Death and I are old friends; he was gracious enough not to interrupt my work before it was done, and it’s the least I can do to return that favor when the time comes. – “Die Young, Stay Pretty”
Depressing? Not at all, unless you think cacophony is a good thing. Imagine a piece of music in which every single note is sustained forever once it starts. It’s just as complex as any piece you know, but instead of each note lasting for a certain time before giving way to the next, each continues to drone on at exactly the same pitch and volume, forever, no matter how many new notes are added. By the end of a three- or four-minute pop song there would be nothing but an unbearable din without beauty or structure, and by the end of a typical symphony you’d be trying to get as far away from the resulting sonic abomination as possible. But you couldn’t, because every radio, every iPod, every concert hall, every TV jingle, every kid singing off-key with the wrong words in the entire world would be doing exactly the same damned thing, FOREVER. And any advanced aliens who picked up the broadcasts would certainly come here as quickly as possible in order to obliterate the obscenity with a gravity bomb, or to drop us into the nearest black hole, and good fucking riddance.

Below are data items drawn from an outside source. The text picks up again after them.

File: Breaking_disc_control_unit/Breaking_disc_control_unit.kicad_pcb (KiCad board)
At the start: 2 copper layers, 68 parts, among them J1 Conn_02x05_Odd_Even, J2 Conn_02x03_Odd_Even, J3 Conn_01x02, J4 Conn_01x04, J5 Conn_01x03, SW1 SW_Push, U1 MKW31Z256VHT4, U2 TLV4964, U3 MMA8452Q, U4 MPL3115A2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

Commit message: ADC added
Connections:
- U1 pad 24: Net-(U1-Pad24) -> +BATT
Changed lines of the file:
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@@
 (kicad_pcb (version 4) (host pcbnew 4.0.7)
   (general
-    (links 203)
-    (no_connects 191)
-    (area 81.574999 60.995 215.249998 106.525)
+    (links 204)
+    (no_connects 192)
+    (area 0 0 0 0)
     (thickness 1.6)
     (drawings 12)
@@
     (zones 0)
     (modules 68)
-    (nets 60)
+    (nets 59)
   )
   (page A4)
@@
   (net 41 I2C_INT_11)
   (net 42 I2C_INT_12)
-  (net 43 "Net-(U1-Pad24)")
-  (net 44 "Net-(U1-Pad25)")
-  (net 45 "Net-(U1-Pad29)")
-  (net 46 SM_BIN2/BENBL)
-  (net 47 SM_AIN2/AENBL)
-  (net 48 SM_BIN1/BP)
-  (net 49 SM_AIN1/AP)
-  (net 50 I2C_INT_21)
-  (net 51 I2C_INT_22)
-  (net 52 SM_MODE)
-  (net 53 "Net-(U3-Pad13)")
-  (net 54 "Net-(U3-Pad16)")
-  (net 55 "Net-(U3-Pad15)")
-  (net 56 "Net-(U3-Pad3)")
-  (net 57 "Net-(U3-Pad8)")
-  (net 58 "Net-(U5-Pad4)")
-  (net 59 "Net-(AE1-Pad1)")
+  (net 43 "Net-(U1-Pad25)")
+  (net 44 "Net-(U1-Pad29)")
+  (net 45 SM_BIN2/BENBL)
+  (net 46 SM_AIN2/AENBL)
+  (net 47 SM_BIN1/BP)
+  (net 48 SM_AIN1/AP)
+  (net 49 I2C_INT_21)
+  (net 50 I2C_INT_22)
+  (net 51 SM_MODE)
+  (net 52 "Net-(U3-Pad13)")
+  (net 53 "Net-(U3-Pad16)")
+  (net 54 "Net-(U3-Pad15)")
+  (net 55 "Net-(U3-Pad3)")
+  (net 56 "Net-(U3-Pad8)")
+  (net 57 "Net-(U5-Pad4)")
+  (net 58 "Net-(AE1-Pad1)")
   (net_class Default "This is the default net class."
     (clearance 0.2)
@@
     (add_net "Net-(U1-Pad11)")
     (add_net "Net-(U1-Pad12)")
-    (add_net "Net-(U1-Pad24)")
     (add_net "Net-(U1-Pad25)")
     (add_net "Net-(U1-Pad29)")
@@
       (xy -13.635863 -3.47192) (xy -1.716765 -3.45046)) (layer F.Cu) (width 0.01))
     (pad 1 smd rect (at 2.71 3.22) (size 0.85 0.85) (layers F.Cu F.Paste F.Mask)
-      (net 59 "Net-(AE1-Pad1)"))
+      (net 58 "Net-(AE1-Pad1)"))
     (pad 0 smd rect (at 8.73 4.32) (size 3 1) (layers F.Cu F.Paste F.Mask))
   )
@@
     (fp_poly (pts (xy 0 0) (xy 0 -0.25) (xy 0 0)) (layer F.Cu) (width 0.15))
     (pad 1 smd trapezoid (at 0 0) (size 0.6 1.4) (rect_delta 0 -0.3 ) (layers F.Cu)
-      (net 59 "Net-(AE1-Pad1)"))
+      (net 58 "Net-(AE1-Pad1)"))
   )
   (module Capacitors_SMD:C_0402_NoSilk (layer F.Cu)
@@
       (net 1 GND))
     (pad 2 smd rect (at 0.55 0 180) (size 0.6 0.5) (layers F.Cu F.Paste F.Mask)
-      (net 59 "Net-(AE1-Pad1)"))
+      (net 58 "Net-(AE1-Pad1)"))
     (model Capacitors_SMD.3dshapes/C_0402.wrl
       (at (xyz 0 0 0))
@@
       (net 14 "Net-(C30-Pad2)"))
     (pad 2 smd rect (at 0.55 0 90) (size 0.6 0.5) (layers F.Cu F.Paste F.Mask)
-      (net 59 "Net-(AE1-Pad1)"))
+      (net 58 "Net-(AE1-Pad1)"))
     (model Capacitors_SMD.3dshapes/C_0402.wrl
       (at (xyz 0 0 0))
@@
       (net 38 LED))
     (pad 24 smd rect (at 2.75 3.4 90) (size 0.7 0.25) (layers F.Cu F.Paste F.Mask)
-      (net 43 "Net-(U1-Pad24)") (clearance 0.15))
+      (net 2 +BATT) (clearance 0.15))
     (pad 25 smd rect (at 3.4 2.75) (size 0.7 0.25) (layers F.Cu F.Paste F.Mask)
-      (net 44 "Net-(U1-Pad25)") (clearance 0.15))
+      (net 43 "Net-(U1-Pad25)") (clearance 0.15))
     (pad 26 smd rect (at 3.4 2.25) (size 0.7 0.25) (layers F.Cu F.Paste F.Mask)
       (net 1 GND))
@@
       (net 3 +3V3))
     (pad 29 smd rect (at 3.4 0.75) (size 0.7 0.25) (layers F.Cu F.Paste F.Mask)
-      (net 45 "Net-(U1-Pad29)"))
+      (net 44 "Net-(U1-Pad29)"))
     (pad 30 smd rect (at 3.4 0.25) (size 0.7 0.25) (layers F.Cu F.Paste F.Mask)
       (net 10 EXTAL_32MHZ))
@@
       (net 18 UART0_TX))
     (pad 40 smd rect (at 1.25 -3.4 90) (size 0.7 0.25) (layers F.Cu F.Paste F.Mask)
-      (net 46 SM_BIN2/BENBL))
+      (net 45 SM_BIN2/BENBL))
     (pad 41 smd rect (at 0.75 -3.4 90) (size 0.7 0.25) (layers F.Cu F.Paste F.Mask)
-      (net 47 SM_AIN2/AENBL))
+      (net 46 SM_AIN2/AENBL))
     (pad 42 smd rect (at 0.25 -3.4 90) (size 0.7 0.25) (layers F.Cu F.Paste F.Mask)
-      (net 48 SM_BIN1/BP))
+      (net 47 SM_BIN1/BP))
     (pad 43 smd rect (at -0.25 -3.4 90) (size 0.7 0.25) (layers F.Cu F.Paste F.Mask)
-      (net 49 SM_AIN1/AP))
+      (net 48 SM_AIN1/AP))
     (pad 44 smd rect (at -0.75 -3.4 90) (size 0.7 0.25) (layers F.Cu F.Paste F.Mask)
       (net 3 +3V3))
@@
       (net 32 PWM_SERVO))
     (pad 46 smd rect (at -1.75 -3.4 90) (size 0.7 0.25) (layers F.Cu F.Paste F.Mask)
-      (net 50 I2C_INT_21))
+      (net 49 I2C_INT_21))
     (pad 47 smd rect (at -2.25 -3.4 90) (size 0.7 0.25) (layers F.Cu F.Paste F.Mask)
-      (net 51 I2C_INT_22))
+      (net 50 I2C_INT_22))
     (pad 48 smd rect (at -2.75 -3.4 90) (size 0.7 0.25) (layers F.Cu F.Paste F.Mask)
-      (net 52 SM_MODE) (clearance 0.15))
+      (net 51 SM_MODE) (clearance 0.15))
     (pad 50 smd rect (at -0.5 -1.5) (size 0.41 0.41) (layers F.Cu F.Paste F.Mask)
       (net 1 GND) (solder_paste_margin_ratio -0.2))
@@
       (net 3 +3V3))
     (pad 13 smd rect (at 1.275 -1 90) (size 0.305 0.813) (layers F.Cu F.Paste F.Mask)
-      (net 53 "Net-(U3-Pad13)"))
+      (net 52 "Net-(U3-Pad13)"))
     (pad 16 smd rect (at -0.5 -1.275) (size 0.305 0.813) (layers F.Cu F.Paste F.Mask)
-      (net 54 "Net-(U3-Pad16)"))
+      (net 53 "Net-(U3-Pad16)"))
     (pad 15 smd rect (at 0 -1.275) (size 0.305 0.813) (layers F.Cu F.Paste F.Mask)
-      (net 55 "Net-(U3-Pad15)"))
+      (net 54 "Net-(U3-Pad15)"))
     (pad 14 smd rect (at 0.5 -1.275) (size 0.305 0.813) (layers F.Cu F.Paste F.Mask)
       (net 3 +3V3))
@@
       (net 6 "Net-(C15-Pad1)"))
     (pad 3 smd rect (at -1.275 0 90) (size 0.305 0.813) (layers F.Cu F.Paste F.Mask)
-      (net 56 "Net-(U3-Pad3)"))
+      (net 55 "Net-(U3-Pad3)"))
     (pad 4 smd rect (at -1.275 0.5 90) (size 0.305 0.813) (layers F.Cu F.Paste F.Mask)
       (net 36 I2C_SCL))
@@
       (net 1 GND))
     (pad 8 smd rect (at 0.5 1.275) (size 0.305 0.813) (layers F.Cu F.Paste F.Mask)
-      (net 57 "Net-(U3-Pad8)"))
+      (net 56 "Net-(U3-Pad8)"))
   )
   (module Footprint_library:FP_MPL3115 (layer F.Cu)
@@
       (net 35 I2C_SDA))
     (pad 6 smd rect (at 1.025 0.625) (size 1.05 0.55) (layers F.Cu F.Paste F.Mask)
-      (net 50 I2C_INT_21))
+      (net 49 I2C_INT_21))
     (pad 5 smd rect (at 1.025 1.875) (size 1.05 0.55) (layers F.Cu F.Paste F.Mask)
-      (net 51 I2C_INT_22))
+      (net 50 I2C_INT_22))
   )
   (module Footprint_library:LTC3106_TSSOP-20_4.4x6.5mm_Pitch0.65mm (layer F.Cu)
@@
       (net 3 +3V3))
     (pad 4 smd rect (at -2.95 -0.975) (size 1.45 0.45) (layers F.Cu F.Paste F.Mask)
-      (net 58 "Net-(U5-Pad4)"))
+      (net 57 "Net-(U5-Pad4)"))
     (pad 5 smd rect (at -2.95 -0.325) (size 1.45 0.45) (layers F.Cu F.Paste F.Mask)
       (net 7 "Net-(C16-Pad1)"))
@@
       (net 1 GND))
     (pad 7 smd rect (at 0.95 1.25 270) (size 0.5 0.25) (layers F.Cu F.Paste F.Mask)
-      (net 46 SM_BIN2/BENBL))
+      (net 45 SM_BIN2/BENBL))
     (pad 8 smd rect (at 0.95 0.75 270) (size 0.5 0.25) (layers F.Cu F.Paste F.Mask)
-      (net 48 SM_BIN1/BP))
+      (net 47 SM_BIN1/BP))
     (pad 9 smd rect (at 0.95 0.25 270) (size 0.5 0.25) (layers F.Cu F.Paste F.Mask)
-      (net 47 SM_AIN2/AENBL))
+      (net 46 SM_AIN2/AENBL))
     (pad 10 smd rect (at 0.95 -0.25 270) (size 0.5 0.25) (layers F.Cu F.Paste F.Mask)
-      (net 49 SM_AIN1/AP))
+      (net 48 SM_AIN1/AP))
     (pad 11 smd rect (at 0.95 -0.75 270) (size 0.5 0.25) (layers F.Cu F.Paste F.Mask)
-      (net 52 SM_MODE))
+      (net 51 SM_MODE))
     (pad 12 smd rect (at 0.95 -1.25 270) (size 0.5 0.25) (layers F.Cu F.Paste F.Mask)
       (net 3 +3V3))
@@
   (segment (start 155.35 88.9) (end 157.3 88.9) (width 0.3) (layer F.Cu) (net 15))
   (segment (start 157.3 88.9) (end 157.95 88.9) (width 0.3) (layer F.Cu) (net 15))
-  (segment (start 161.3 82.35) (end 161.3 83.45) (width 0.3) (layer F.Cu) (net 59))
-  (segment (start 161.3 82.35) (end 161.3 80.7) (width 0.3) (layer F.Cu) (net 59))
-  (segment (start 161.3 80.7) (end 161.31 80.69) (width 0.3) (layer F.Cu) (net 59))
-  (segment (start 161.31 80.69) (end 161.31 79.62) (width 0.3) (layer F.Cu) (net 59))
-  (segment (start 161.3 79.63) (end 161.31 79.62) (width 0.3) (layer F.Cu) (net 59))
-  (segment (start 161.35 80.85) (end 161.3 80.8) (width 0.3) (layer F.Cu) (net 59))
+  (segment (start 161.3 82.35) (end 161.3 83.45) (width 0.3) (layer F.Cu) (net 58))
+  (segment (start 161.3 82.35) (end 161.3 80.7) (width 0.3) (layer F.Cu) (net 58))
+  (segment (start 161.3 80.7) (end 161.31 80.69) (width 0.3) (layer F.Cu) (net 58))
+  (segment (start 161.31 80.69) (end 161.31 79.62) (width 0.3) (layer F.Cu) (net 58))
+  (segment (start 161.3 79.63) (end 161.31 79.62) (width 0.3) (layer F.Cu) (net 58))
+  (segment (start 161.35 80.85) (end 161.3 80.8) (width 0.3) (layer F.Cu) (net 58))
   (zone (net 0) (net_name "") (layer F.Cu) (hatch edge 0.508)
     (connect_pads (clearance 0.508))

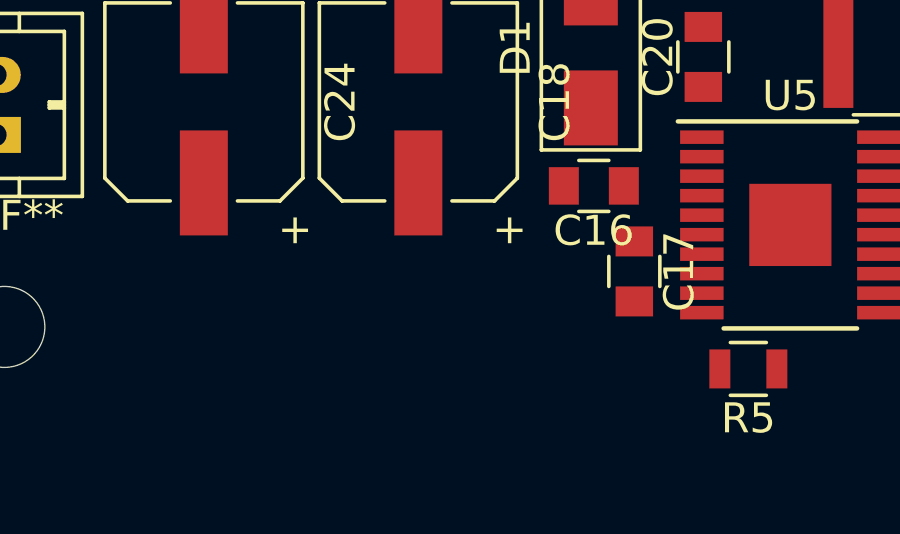
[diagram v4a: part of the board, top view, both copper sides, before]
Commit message: Diode for ADC added
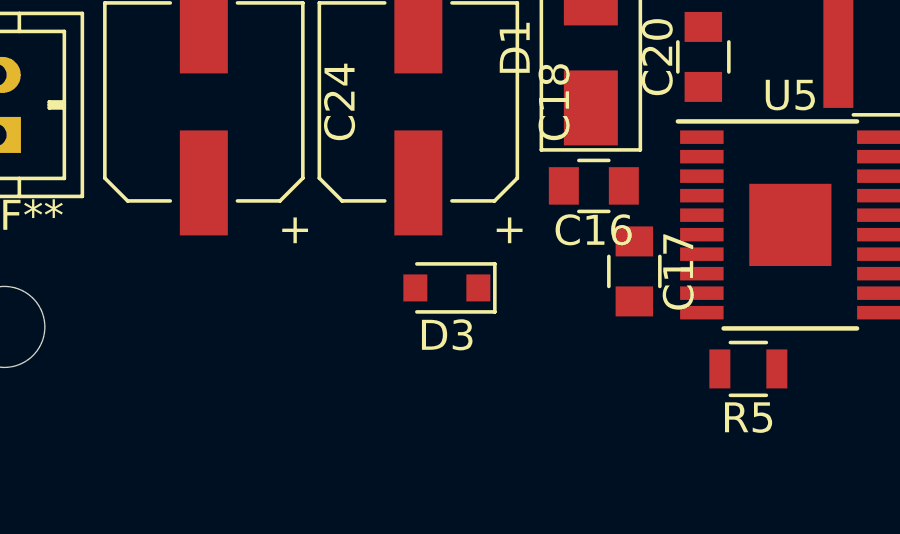
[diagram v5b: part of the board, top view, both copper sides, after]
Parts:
- added D3: D, Diodes_SMD:D_0805, F.Cu at (101.0, 100.2)
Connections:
- U1 pad 24: +BATT -> Net-(D3-Pad1)
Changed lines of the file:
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@@
 (kicad_pcb (version 4) (host pcbnew 4.0.7)
   (general
-    (links 204)
-    (no_connects 192)
+    (links 205)
+    (no_connects 193)
     (area 0 0 0 0)
     (thickness 1.6)
@@
     (tracks 23)
     (zones 0)
-    (modules 68)
-    (nets 59)
+    (modules 69)
+    (nets 60)
   )
   (page A4)
@@
   (net 57 "Net-(U5-Pad4)")
   (net 58 "Net-(AE1-Pad1)")
+  (net 59 "Net-(D3-Pad1)")
   (net_class Default "This is the default net class."
     (clearance 0.2)
@@
     (add_net "Net-(D1-Pad2)")
     (add_net "Net-(D2-Pad2)")
+    (add_net "Net-(D3-Pad1)")
     (add_net "Net-(J1-Pad5)")
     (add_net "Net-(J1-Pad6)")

The beauty of a piece of music or a dance derives from a succession of notes or steps, each following the other in sequence and each giving way in its time to the next. The meaning of an essay, story or book depends upon each finite word in its proper place. And the meaning of not merely an individual life, but the life of a culture, a species, a world and the entire multiverse depends upon that same finiteness. Death is what gives life meaning, and fighting excessively against it is as childish and futile as the behavior of a toddler who refuses to let another child take his place on the carousel once his ride is done.